* **Records from a dataset**
====

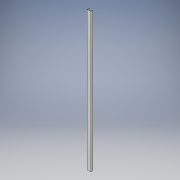
# Autodesk Inventor part: Grundstange Bauhaus_neu
Saved by Autodesk Inventor 2018.3 (Build 223284000, 284)
## iProperties
Created: 2019-01-17
Part Number: Grundstange Bauhaus_neu
Material: Generisch
Document SubType Name: Modeling
Designer: pgmadmin
Density: 1 g/cm^3
Appearance: Vorgabe
Author: pgmadmin
Autodesk Inventor part; units mm, degrees
ref_plane "YZ Plane" through (0, 0, 0) normal (1, 0, 0) x (0, 1, 0)
ref_plane "XZ Plane" through (0, 0, 0) normal (0, 1, 0) x (-1, 0, 0)
ref_plane "XY Plane" through (0, 0, 0) normal (0, 0, 1) x (1, 0, 0)
sketch "Skizze1" plane through (0, 0, 0) normal (0, 0, 1) x (1, 0, 0)
  line L0 (-10.9286, -11.051) -> (-10.9286, 3.949)
  line L1 (-10.9286, 3.949) -> (-9.4286, 3.949)
  line L2 (-9.4286, 3.949) -> (-9.4286, -9.551)
  line L3 (-9.4286, -9.551) -> (15.0714, -9.551)
  line L4 (15.0714, -9.551) -> (15.0714, 3.949)
  line L5 (15.0714, 3.949) -> (16.5714, 3.949)
  line L6 (16.5714, 3.949) -> (16.5714, -11.051)
  line L7 (16.5714, -11.051) -> (-10.9286, -11.051)
  point P0 (0, 0)
  dimension "d0" = 1.5
  dimension "d1" = 27.5
  dimension "d2" = 1.5
  dimension "d3" = 1.5
  dimension "d4" = 15
  dimension "d5" = 15
  constraints: 16 end point, 6 perpendicular, 2 vertical
  measures "d0" distance between parallel lines of L2 L0
  measures "d1" distance between parallel lines of L6 L0
  measures "d2" distance between parallel lines of L6 L4
  measures "d3" distance between parallel lines of L3 L7
  measures "d4" distance between parallel lines of L7 L1
  measures "d5" distance between parallel lines of L7 L5
extrude "Extrusion1" add sketch "Skizze1" along normal blind 1000

====

* **What to produce**
Every line above goes into your copy exactly; no images go in.

* **Answer to this task**
# Autodesk Inventor part: Grundstange Bauhaus_neu
Saved by Autodesk Inventor 2018.3 (Build 223284000, 284)
## iProperties
Created: 2019-01-17
Part Number: Grundstange Bauhaus_neu
Material: Generisch
Document SubType Name: Modeling
Designer: pgmadmin
Density: 1 g/cm^3
Appearance: Vorgabe
Author: pgmadmin
Autodesk Inventor part; units mm, degrees
ref_plane "YZ Plane" through (0, 0, 0) normal (1, 0, 0) x (0, 1, 0)
ref_plane "XZ Plane" through (0, 0, 0) normal (0, 1, 0) x (-1, 0, 0)
ref_plane "XY Plane" through (0, 0, 0) normal (0, 0, 1) x (1, 0, 0)
sketch "Skizze1" plane through (0, 0, 0) normal (0, 0, 1) x (1, 0, 0)
  line L0 (-10.9286, -11.051) -> (-10.9286, 3.949)
  line L1 (-10.9286, 3.949) -> (-9.4286, 3.949)
  line L2 (-9.4286, 3.949) -> (-9.4286, -9.551)
  line L3 (-9.4286, -9.551) -> (15.0714, -9.551)
  line L4 (15.0714, -9.551) -> (15.0714, 3.949)
  line L5 (15.0714, 3.949) -> (16.5714, 3.949)
  line L6 (16.5714, 3.949) -> (16.5714, -11.051)
  line L7 (16.5714, -11.051) -> (-10.9286, -11.051)
  point P0 (0, 0)
  dimension "d0" = 1.5
  dimension "d1" = 27.5
  dimension "d2" = 1.5
  dimension "d3" = 1.5
  dimension "d4" = 15
  dimension "d5" = 15
  constraints: 16 end point, 6 perpendicular, 2 vertical
  measures "d0" distance between parallel lines of L2 L0
  measures "d1" distance between parallel lines of L6 L0
  measures "d2" distance between parallel lines of L6 L4
  measures "d3" distance between parallel lines of L3 L7
  measures "d4" distance between parallel lines of L7 L1
  measures "d5" distance between parallel lines of L7 L5
extrude "Extrusion1" add sketch "Skizze1" along normal blind 1000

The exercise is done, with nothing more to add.